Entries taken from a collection
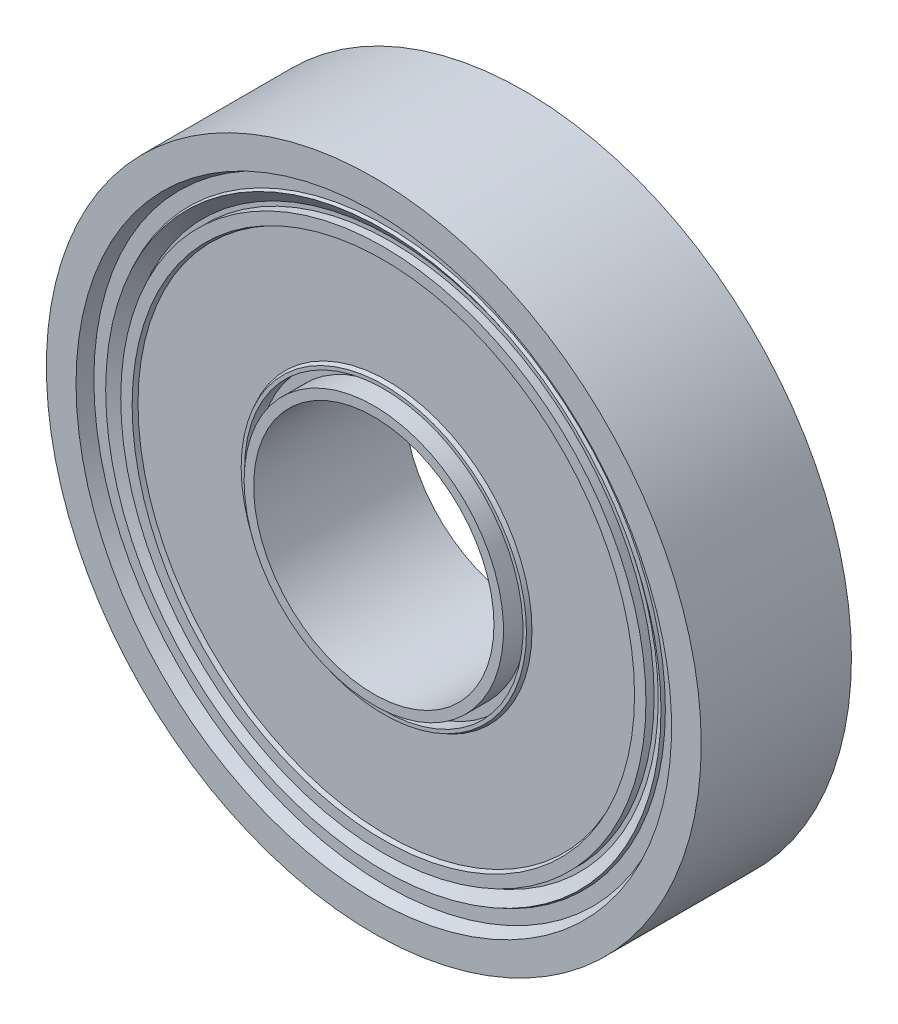
ISO-10303-21;
HEADER;
FILE_DESCRIPTION(('STEP AP214'),'2;1');
FILE_NAME('part.step','',(''),(''),'','','');
FILE_SCHEMA(('AUTOMOTIVE_DESIGN { 1 0 10303 214 1 1 1 1 }'));
ENDSEC;
DATA;
#1=APPLICATION_CONTEXT('core data for automotive mechanical design processes');
#2=APPLICATION_PROTOCOL_DEFINITION('international standard','automotive_design',2000,#1);
#3=PRODUCT_CONTEXT('',#1,'mechanical');
#4=PRODUCT('Part','Part','',(#3));
#5=PRODUCT_RELATED_PRODUCT_CATEGORY('part','',(#4));
#6=PRODUCT_DEFINITION_FORMATION('','',#4);
#7=PRODUCT_DEFINITION_CONTEXT('part definition',#1,'design');
#8=PRODUCT_DEFINITION('design','',#6,#7);
#9=PRODUCT_DEFINITION_SHAPE('','',#8);
#10=(LENGTH_UNIT() NAMED_UNIT(*) SI_UNIT(.MILLI.,.METRE.));
#11=(NAMED_UNIT(*) PLANE_ANGLE_UNIT() SI_UNIT($,.RADIAN.));
#12=(NAMED_UNIT(*) SI_UNIT($,.STERADIAN.) SOLID_ANGLE_UNIT());
#13=UNCERTAINTY_MEASURE_WITH_UNIT(LENGTH_MEASURE(1.E-05),#10,'distance_accuracy_value','');
#14=(GEOMETRIC_REPRESENTATION_CONTEXT(3) GLOBAL_UNCERTAINTY_ASSIGNED_CONTEXT((#13)) GLOBAL_UNIT_ASSIGNED_CONTEXT((#10,
#11,#12)) REPRESENTATION_CONTEXT('',''));
#15=CARTESIAN_POINT('',(0.,0.,0.));
#16=DIRECTION('',(0.,0.,1.));
#17=DIRECTION('',(1.,0.,0.));
#18=AXIS2_PLACEMENT_3D('',#15,#16,#17);
#19=CARTESIAN_POINT('',(0.,0.,0.));
#20=DIRECTION('',(0.,0.,1.));
#21=DIRECTION('',(1.,0.,0.));
#22=AXIS2_PLACEMENT_3D('',#19,#20,#21);
#23=PLANE('',#22);
#24=CARTESIAN_POINT('',(0.,0.,0.));
#25=DIRECTION('',(0.,0.,1.));
#26=DIRECTION('',(1.,0.,0.));
#27=AXIS2_PLACEMENT_3D('',#24,#25,#26);
#28=CIRCLE('',#27,10.9);
#29=CARTESIAN_POINT('',(10.9,0.,0.));
#30=VERTEX_POINT('',#29);
#31=EDGE_CURVE('E42',#30,#30,#28,.T.);
#32=ORIENTED_EDGE('',*,*,#31,.F.);
#33=EDGE_LOOP('',(#32));
#34=FACE_BOUND('',#33,.T.);
#35=CARTESIAN_POINT('',(0.,0.,0.));
#36=DIRECTION('',(0.,0.,-1.));
#37=DIRECTION('',(-1.,0.,0.));
#38=AXIS2_PLACEMENT_3D('',#35,#36,#37);
#39=CIRCLE('',#38,9.91293924454827);
#40=CARTESIAN_POINT('',(-9.91293924454827,0.,0.));
#41=VERTEX_POINT('',#40);
#42=EDGE_CURVE('E57',#41,#41,#39,.T.);
#43=ORIENTED_EDGE('',*,*,#42,.F.);
#44=EDGE_LOOP('',(#43));
#45=FACE_BOUND('',#44,.T.);
#46=ADVANCED_FACE('F38',(#34,#45),#23,.F.);
#47=CARTESIAN_POINT('',(0.,0.,5.));
#48=DIRECTION('',(0.,0.,1.));
#49=DIRECTION('',(1.,0.,0.));
#50=AXIS2_PLACEMENT_3D('',#47,#48,#49);
#51=PLANE('',#50);
#52=CARTESIAN_POINT('',(0.,0.,5.));
#53=DIRECTION('',(0.,0.,-1.));
#54=DIRECTION('',(-1.,0.,0.));
#55=AXIS2_PLACEMENT_3D('',#52,#53,#54);
#56=CIRCLE('',#55,9.91293924454827);
#57=CARTESIAN_POINT('',(-9.91293924454827,0.,5.));
#58=VERTEX_POINT('',#57);
#59=EDGE_CURVE('E60',#58,#58,#56,.T.);
#60=ORIENTED_EDGE('',*,*,#59,.T.);
#61=EDGE_LOOP('',(#60));
#62=FACE_BOUND('',#61,.T.);
#63=CARTESIAN_POINT('',(0.,0.,5.));
#64=DIRECTION('',(0.,0.,1.));
#65=DIRECTION('',(1.,0.,0.));
#66=AXIS2_PLACEMENT_3D('',#63,#64,#65);
#67=CIRCLE('',#66,10.9);
#68=CARTESIAN_POINT('',(10.9,0.,5.));
#69=VERTEX_POINT('',#68);
#70=EDGE_CURVE('E10',#69,#69,#67,.T.);
#71=ORIENTED_EDGE('',*,*,#70,.T.);
#72=EDGE_LOOP('',(#71));
#73=FACE_BOUND('',#72,.T.);
#74=ADVANCED_FACE('F147',(#62,#73),#51,.T.);
#75=CARTESIAN_POINT('',(0.,0.,5.));
#76=DIRECTION('',(0.,0.,-1.));
#77=DIRECTION('',(-1.,0.,0.));
#78=AXIS2_PLACEMENT_3D('',#75,#76,#77);
#79=CYLINDRICAL_SURFACE('',#78,10.9);
#80=ORIENTED_EDGE('',*,*,#70,.F.);
#81=EDGE_LOOP('',(#80));
#82=FACE_BOUND('',#81,.T.);
#83=ORIENTED_EDGE('',*,*,#31,.T.);
#84=EDGE_LOOP('',(#83));
#85=FACE_BOUND('',#84,.T.);
#86=ADVANCED_FACE('F40',(#82,#85),#79,.T.);
#87=CARTESIAN_POINT('',(0.,0.,0.));
#88=DIRECTION('',(0.,0.,-1.));
#89=DIRECTION('',(-1.,0.,0.));
#90=AXIS2_PLACEMENT_3D('',#87,#88,#89);
#91=CONICAL_SURFACE('',#90,9.91293924454827,0.410906341735328);
#92=CARTESIAN_POINT('',(0.,0.,0.413057315334044));
#93=DIRECTION('',(0.,0.,-1.));
#94=DIRECTION('',(-1.,0.,0.));
#95=AXIS2_PLACEMENT_3D('',#92,#93,#94);
#96=CIRCLE('',#95,9.73296637910687);
#97=CARTESIAN_POINT('',(-9.73296637910687,0.,0.413057315334044));
#98=VERTEX_POINT('',#97);
#99=EDGE_CURVE('E61',#98,#98,#96,.T.);
#100=ORIENTED_EDGE('',*,*,#99,.F.);
#101=EDGE_LOOP('',(#100));
#102=FACE_BOUND('',#101,.T.);
#103=ORIENTED_EDGE('',*,*,#42,.T.);
#104=EDGE_LOOP('',(#103));
#105=FACE_BOUND('',#104,.T.);
#106=ADVANCED_FACE('F325',(#102,#105),#91,.F.);
#107=CARTESIAN_POINT('',(-9.73296637910687,0.,0.413057315334044));
#108=DIRECTION('',(0.,0.,1.));
#109=DIRECTION('',(1.,0.,0.));
#110=AXIS2_PLACEMENT_3D('',#107,#108,#109);
#111=PLANE('',#110);
#112=CARTESIAN_POINT('',(0.,0.,0.413057315334044));
#113=DIRECTION('',(0.,0.,-1.));
#114=DIRECTION('',(-1.,0.,0.));
#115=AXIS2_PLACEMENT_3D('',#112,#113,#114);
#116=CIRCLE('',#115,9.29331335232563);
#117=CARTESIAN_POINT('',(-9.29331335232563,0.,0.413057315334044));
#118=VERTEX_POINT('',#117);
#119=EDGE_CURVE('E64',#118,#118,#116,.T.);
#120=ORIENTED_EDGE('',*,*,#119,.F.);
#121=EDGE_LOOP('',(#120));
#122=FACE_BOUND('',#121,.T.);
#123=ORIENTED_EDGE('',*,*,#99,.T.);
#124=EDGE_LOOP('',(#123));
#125=FACE_BOUND('',#124,.T.);
#126=ADVANCED_FACE('F319',(#122,#125),#111,.F.);
#127=CARTESIAN_POINT('',(0.,0.,0.413057315334044));
#128=DIRECTION('',(0.,0.,1.));
#129=DIRECTION('',(1.,0.,0.));
#130=AXIS2_PLACEMENT_3D('',#127,#128,#129);
#131=CONICAL_SURFACE('',#130,9.29331335232563,0.4817608629615);
#132=CARTESIAN_POINT('',(0.,0.,0.31713796498969));
#133=DIRECTION('',(0.,0.,-1.));
#134=DIRECTION('',(-1.,0.,0.));
#135=AXIS2_PLACEMENT_3D('',#132,#133,#134);
#136=CIRCLE('',#135,9.24316182218617);
#137=CARTESIAN_POINT('',(-9.24316182218617,0.,0.31713796498969));
#138=VERTEX_POINT('',#137);
#139=EDGE_CURVE('E67',#138,#138,#136,.T.);
#140=ORIENTED_EDGE('',*,*,#139,.F.);
#141=EDGE_LOOP('',(#140));
#142=FACE_BOUND('',#141,.T.);
#143=ORIENTED_EDGE('',*,*,#119,.T.);
#144=EDGE_LOOP('',(#143));
#145=FACE_BOUND('',#144,.T.);
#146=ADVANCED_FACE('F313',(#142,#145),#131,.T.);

** Exercise requirements **
Please, from the entries above, set down exactly the lines from the one containing "#73=FACE_BOUND('',#72,.T.);" through the one containing "#83=ORIENTED_EDGE('',*,*,#31,.T.);", and only those.

** Your solution **
#73=FACE_BOUND('',#72,.T.);
#74=ADVANCED_FACE('F147',(#62,#73),#51,.T.);
#75=CARTESIAN_POINT('',(0.,0.,5.));
#76=DIRECTION('',(0.,0.,-1.));
#77=DIRECTION('',(-1.,0.,0.));
#78=AXIS2_PLACEMENT_3D('',#75,#76,#77);
#79=CYLINDRICAL_SURFACE('',#78,10.9);
#80=ORIENTED_EDGE('',*,*,#70,.F.);
#81=EDGE_LOOP('',(#80));
#82=FACE_BOUND('',#81,.T.);
#83=ORIENTED_EDGE('',*,*,#31,.T.);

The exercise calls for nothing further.